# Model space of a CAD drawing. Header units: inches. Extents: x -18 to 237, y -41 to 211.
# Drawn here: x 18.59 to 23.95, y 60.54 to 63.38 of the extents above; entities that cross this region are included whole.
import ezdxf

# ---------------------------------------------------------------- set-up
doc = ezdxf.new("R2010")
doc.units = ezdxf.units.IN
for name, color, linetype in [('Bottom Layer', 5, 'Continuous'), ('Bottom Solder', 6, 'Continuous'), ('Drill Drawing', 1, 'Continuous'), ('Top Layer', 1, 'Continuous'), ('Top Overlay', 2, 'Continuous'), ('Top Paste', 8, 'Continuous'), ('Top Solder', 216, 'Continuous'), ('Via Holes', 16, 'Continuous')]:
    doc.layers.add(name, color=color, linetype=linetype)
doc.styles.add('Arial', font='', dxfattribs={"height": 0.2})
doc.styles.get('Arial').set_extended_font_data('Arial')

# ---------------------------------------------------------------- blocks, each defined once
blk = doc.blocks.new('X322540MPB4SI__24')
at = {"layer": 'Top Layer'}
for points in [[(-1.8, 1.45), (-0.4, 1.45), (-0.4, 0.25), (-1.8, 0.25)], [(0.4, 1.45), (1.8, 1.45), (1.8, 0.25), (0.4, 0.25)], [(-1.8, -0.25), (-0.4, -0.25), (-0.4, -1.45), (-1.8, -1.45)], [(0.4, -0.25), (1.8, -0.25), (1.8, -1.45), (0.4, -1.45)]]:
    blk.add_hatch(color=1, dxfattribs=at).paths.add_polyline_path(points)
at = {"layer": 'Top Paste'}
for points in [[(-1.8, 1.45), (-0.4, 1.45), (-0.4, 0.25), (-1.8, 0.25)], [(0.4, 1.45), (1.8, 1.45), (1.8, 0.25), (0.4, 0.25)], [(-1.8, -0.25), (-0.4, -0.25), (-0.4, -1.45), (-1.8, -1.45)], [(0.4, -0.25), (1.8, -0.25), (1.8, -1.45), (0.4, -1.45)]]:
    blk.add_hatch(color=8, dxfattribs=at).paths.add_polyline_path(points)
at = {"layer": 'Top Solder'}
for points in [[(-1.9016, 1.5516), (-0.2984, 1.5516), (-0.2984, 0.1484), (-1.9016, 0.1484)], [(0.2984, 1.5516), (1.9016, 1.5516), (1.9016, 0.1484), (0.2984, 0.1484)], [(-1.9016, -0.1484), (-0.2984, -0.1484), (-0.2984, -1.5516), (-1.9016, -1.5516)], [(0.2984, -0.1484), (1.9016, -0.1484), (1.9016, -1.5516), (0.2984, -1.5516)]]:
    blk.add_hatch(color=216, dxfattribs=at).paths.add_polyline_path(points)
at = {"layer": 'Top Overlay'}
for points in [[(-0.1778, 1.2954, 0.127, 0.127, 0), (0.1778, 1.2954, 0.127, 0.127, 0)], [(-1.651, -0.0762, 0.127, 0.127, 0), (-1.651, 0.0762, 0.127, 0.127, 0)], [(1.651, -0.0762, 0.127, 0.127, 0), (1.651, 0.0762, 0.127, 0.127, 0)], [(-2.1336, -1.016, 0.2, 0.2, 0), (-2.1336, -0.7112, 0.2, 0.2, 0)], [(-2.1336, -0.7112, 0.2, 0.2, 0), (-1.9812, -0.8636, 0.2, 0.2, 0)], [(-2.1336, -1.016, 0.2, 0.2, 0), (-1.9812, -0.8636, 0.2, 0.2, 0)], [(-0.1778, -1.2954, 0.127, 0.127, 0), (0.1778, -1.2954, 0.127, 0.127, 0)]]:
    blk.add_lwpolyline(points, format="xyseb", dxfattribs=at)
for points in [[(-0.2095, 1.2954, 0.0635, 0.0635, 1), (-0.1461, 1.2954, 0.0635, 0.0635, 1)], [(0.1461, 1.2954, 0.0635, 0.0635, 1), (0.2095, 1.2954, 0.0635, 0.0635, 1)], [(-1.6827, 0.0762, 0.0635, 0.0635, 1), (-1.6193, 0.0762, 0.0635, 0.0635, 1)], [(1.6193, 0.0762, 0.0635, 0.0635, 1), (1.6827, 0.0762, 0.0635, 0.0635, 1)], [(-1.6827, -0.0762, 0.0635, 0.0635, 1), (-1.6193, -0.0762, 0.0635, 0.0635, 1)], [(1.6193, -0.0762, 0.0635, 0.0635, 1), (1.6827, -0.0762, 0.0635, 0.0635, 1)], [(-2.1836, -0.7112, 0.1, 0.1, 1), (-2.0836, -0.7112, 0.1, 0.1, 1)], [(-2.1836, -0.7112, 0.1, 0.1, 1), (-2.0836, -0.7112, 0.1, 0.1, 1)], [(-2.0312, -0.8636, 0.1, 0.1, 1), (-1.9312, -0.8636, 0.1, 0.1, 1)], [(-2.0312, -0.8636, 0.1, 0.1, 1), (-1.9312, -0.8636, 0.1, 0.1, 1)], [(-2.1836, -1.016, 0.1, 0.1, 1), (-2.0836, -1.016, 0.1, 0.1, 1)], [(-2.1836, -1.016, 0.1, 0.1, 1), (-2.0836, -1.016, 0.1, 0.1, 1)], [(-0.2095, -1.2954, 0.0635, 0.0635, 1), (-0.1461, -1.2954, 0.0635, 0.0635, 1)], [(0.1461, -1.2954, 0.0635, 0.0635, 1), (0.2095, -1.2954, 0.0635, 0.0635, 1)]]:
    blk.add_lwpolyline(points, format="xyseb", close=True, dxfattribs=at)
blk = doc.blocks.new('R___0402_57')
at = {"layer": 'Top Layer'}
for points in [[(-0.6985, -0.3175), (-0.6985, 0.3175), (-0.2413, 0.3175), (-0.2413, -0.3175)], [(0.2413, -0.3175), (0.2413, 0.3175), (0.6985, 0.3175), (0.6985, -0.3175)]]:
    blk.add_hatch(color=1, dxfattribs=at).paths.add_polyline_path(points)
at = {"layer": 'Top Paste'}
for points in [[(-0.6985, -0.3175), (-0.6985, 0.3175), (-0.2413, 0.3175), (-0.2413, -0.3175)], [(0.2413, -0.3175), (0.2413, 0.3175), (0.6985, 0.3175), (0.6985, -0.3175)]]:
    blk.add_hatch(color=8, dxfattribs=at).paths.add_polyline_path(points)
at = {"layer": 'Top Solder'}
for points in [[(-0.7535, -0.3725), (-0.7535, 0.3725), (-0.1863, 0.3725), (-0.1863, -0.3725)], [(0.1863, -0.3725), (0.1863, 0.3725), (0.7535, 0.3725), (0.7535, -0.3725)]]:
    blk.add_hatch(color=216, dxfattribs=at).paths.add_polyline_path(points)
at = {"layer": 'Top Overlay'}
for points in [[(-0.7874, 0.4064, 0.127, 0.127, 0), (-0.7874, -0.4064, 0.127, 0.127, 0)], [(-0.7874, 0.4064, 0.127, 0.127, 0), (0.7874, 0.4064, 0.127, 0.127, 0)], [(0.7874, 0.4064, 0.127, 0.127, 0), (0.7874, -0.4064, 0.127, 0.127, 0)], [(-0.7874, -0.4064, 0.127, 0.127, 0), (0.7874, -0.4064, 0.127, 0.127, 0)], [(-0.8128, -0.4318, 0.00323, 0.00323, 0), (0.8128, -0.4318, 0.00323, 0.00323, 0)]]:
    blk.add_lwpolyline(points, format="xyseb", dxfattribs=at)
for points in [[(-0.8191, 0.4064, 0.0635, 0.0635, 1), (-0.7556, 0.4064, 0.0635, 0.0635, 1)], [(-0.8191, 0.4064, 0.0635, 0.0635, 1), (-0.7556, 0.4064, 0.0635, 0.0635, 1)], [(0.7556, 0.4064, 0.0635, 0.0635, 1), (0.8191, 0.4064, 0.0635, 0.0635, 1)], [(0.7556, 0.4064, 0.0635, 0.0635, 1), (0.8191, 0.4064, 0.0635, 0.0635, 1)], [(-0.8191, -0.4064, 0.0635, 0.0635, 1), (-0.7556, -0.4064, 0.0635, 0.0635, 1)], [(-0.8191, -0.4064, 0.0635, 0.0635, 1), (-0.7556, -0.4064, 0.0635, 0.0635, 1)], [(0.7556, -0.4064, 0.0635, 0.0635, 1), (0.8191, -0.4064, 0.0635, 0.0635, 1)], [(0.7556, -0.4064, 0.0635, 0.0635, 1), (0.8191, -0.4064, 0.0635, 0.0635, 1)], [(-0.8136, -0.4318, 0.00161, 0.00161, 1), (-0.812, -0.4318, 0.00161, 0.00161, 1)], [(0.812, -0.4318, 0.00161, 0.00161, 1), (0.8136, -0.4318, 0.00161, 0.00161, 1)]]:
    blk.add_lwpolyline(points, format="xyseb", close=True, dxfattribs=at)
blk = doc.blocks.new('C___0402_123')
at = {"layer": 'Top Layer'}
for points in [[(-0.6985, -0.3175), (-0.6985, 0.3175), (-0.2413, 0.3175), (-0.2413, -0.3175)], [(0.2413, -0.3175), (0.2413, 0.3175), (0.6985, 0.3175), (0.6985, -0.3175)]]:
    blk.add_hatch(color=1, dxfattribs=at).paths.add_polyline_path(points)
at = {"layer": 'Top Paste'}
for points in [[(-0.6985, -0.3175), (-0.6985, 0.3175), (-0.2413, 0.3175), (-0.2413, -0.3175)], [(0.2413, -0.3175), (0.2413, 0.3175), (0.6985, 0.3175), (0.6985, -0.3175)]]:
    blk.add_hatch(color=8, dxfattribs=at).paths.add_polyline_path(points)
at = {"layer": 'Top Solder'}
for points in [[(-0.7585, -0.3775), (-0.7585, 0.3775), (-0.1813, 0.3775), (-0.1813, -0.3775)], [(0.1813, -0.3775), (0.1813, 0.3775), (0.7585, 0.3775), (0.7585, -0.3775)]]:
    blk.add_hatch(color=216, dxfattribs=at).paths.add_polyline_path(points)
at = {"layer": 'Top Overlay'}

┄┄┄┄┄┄

Exercise details:
From the data above, copy each line that holds "linetype".

Response box:
for name, color, linetype in [('Bottom Layer', 5, 'Continuous'), ('Bottom Solder', 6, 'Continuous'), ('Drill Drawing', 1, 'Continuous'), ('Top Layer', 1, 'Continuous'), ('Top Overlay', 2, 'Continuous'), ('Top Paste', 8, 'Continuous'), ('Top Solder', 216, 'Continuous'), ('Via Holes', 16, 'Continuous')]:
    doc.layers.add(name, color=color, linetype=linetype)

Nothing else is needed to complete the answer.